Why do we have to use this weird procedure? Sometimes for elementary things Mac os looks like Linux. Mac Os grew in good things but it is childish in others. That is why, for this and other things, Apple products are not taken seriously for real businesses.


----------



## SGilbert (Jan 18, 2012)

Pretty bold statement for a 1st time poster.  Just what does clearing the clipboard have anything to do with using Macs for business?


----------



## FelixJam (Jan 18, 2012)

Lack of consistency.


----------



## DeltaMac (Jan 18, 2012)

What do you think "lack of consistency" means?
That sounds like a philosophical position, and not a technical issue.
That the clipboard has no 'clear' button in the GUI would hardly make it a 'consistency' issue.


----------



## FelixJam (Jan 18, 2012)

Do you question the reply because you want to learn?


----------



## DeltaMac (Jan 18, 2012)

No, I do realize that you can say anything that you like (within reason, of course)
I realize that opinions can often be based on incorrect, or inaccurate information - and I was simply wondering how you arrived at that brief statement: "lack of consistency", as you made that statement with no examples to show what that means. So, I can offer as a starting point, that this thread, "clear clipboard", is not particularly relevant to either consistency, or inconsistency of whatever that is you claim is not consistent. The clipboard has no built-in clearing method, other than a logout, or a restart - and never has had that function, probably because Apple has never seen the necessity - and Apple seems to remain consistent (for 27 or 28 years now) with that "lack".
So, I then I would ask you to respond to how that "lack" of clipboard clearing is somehow evidence of a further lack of consistency.


----------



## FelixJam (Jan 18, 2012)

DeltaMac, lack of consistency does not only apply to that small procedure. The hint is in part of the post, but you did not capture it. I can agree with you that Apple has been consistent, but consistent with the inconsistency. What this commercial Company preaches - because it is more a preaching/advertising than an actual doing - does not justify. Some people take some political ideology or religion creed as the absolut truth. Other people, act in the same way with some Company's doings. "If they did not do that or if they did that, it is because is the right thing".


----------



## ElDiabloConCaca (Jan 18, 2012)

For comparative purposes, here's the procedure for doing the exact, same thing in Windows (which, I think FelixJam would agree, is a very business-centric operating system):

http://www.tomstricks.com/how-to-cr...clear-the-clipboard-in-windows-7-or-in-vista/

Is Microsoft to blame for also being "inconsistent" in their implementation of their clipboard feature, since they also have no "easy" way of clearing the clipboard?

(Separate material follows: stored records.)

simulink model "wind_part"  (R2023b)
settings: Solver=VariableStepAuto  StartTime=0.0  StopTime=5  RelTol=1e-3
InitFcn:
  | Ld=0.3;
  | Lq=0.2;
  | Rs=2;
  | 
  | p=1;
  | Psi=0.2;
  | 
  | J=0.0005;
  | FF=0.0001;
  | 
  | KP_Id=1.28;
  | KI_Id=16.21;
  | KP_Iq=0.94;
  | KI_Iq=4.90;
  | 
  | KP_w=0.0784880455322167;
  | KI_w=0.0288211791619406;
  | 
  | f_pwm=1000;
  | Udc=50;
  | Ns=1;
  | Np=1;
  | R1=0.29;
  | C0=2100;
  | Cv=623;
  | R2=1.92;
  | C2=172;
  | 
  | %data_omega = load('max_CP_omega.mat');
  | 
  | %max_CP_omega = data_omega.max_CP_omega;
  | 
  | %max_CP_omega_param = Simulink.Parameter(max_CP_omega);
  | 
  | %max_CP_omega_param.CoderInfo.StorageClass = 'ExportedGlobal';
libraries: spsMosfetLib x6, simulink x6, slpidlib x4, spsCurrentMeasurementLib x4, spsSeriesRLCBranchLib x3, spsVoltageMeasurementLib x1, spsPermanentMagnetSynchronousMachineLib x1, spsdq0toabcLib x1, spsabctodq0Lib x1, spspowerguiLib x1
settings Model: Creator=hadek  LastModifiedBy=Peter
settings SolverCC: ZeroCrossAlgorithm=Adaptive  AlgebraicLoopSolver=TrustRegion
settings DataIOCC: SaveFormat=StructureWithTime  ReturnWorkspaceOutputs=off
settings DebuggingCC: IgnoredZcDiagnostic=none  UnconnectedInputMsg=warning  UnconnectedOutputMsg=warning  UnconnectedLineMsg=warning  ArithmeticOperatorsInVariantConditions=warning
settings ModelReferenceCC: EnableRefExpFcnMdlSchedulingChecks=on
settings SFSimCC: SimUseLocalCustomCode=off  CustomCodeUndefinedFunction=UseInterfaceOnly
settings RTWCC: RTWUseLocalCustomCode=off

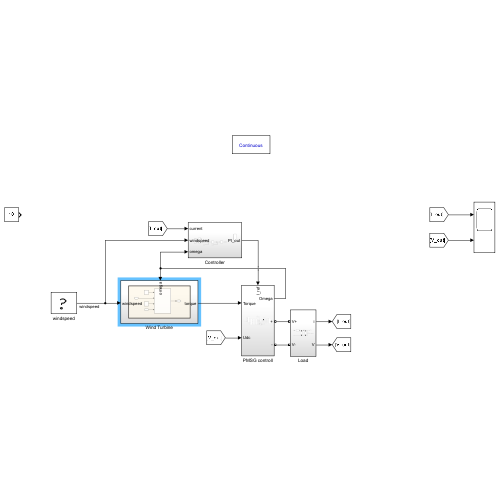
[thumbnail: Simulink's stored preview of the top-level diagram]
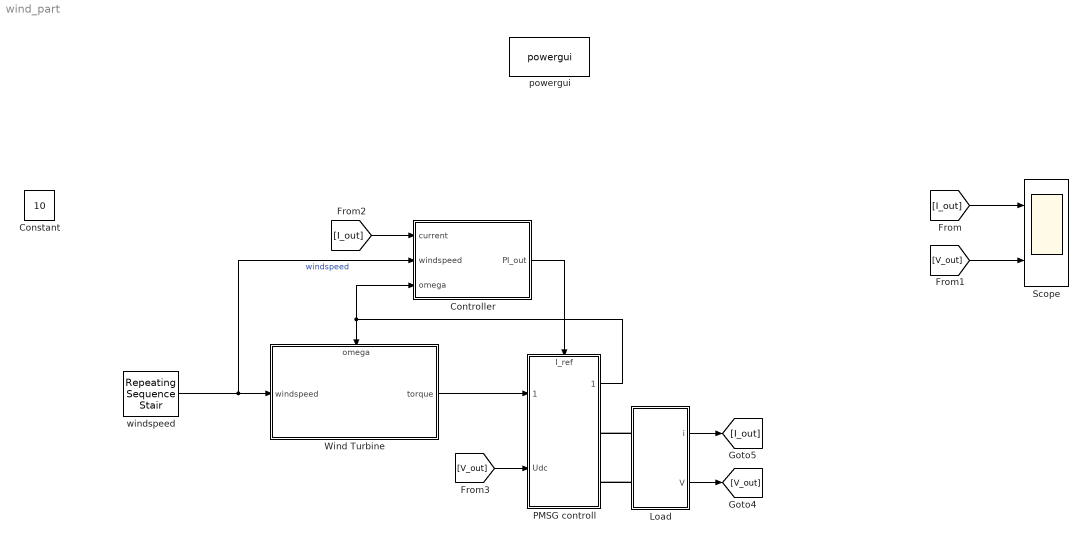
== system wind_part ==
  Constant : Constant  Value=10
  Controller : Subsystem
  Load : Subsystem
  PMSG controll : Subsystem
      settings: PortSchema="{\"entries\":[{\"content\":{\"sides\":[{\"content\":{\"connectorIds\":[\"In1\",\"In2\"]},\"type\":\"ConnectorPlacement.EquallySpacedRectSide\",\"uuid\":\"6ff45732-1fbe-44e6-bbf0-a97c0cfc251c\"},{\"content\":{\"connectorIds\":[\"Out1\",\"RConn1\",\"RConn2\"],\"side\":\"RIGHT\"},\"type\":\"ConnectorPlacement.EquallySpacedRectSide\",\"uuid\":\"615f7fbd-60ca-4bdf-8315-88a0e11d104a\"},{\"content\":{\"connectorIds\":[\"In3\"],\"side\":\"TOP\"},\"type\":\"ConnectorPlacement.EquallySpacedRectSide\",\"uuid\":\"73f43a16-ba4f-4676-a4ee-aa4b37dc4906\"}]},\"type\":\"ConnectorPlacement.EquallySpacedConnector\",\"uuid\":\"b405ac4b-096d-4645-a2b2-df92df1fd96d\"}],\"packageUris\":[\"http://schema.mathworks.com/mf0/Connector/R2020b\"],\"version\":\"1.0\"}"
  Scope : Scope  NumInputPorts=2
  Wind Turbine : Subsystem
      settings: PortSchema="{\"entries\":[{\"content\":{\"sides\":[{\"content\":{\"connectorIds\":[\"In1\"]},\"type\":\"ConnectorPlacement.EquallySpacedRectSide\",\"uuid\":\"d9607854-6c60-486c-bfea-e5bdfd6c8fa9\"},{\"content\":{\"connectorIds\":[\"Out1\"],\"side\":\"RIGHT\"},\"type\":\"ConnectorPlacement.EquallySpacedRectSide\",\"uuid\":\"5fa891cc-5ceb-404b-bebb-ba93c08d2f38\"},{\"content\":{\"connectorIds\":[\"In2\"],\"side\":\"TOP\"},\"type\":\"ConnectorPlacement.EquallySpacedRectSide\",\"uuid\":\"4840ec60-9cf6-480c-919e-88edc7040649\"}]},\"type\":\"ConnectorPlacement.EquallySpacedConnector\",\"uuid\":\"84375009-51d5-45f0-a301-b98d1305d1b8\"}],\"packageUris\":[\"http://schema.mathworks.com/mf0/Connector/R2020b\"],\"version\":\"1.0\"}"
  powergui : spspowerguiLib/powergui  Priority=1  SimulationMode=Continuous  SampleTime=50e-6  frequency=60  Iterations=50  frequencyindice=0  Pbase=100e6  ErrMax=1e-4  UnitsV=kV  UnitsW=MW  buscounter=0  FunctionMessages=off  echomessages=off  EnableUseOfTLC=off  CurrentSourceSwitches=off  DisableSnubberDevices=off  DisableRonSwitches=off  DisableVfSwitches=off  DisplayEquations=off  AutomaticDiscreteSolvers=off  SolverType=Tustin/Backward Euler (TBE)  Interpol=off  ExternalGateDelay=off  methode=off  Ts=100  x0status=blocks  SPID=on  SwTol=0  HookPort=off  NonlinearTolerance=1e-4  nMaxIteration=100  ContinueOnMaxIteration=off  RestoreLinks=warning  ResistiveCurrentMeasurement=off  Frange=[0:2:500]  Ylog=off  Xlog=on  ShowGrid=off  save=off  variable=ZData  structure=0  ZoomFFT=off  StartTime=0.0  cycles=1  DisplayStyle=1  fundamental=60  FreqAxis=off  MaxFrequency=1000  frequencyindicesteady=1  RmsSteady=1  display=off
  windspeed : simulink/Sources/Repeating Sequence Stair  OutValues=windspeed  tsamp=0.2  OutMin=[]  OutMax=[]  OutDataTypeStr=double  OutputDataTypeScalingMode=double  OutDataType=fixdt(0,8)  ConRadixGroup=Best Precision: Vector-wise  OutScaling=2^-12
  wires:
  Load/1(i) -> [I_out]
  Load/2(V) -> [V_out]
  Wind Turbine/1(torque) -> PMSG controll/1(Torque)
  [I_out] -> Scope/1
  [V_out] -> Scope/2
  PMSG controll/1(Omega) -> Controller/3(omega), Wind Turbine/2(omega)
  Controller/1(PI_out) -> PMSG controll/3(I_ref)
  [I_out] -> Controller/1(current)
  [V_out] -> PMSG controll/2(Udc)
  windspeed/1 -> Wind Turbine/1(windspeed), Controller/2(windspeed)  "windspeed"
  connections:
  Load/LConn1 -- PMSG controll/RConn1
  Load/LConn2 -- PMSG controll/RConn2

Here's how to do it in XP:

http://www.ehow.com/how_4841971_empty-clipboard-windows-xp.html

Neither are "easy" or "consistent."

I'd like to see an example of an operating system that implements "clearing the clipboard" in a simplistic fashion so that we can compare and contrast Mac OS X's implementation against what you seem to think the experience is supposed to be like.

I agree that Mac OS X has some shortcomings -- but to blanket the entire operating system -- nay -- the entire _company_ as "inconsistent" because of the lack of a one-click "clear the clipboard" function is slightly hyperbolic, no?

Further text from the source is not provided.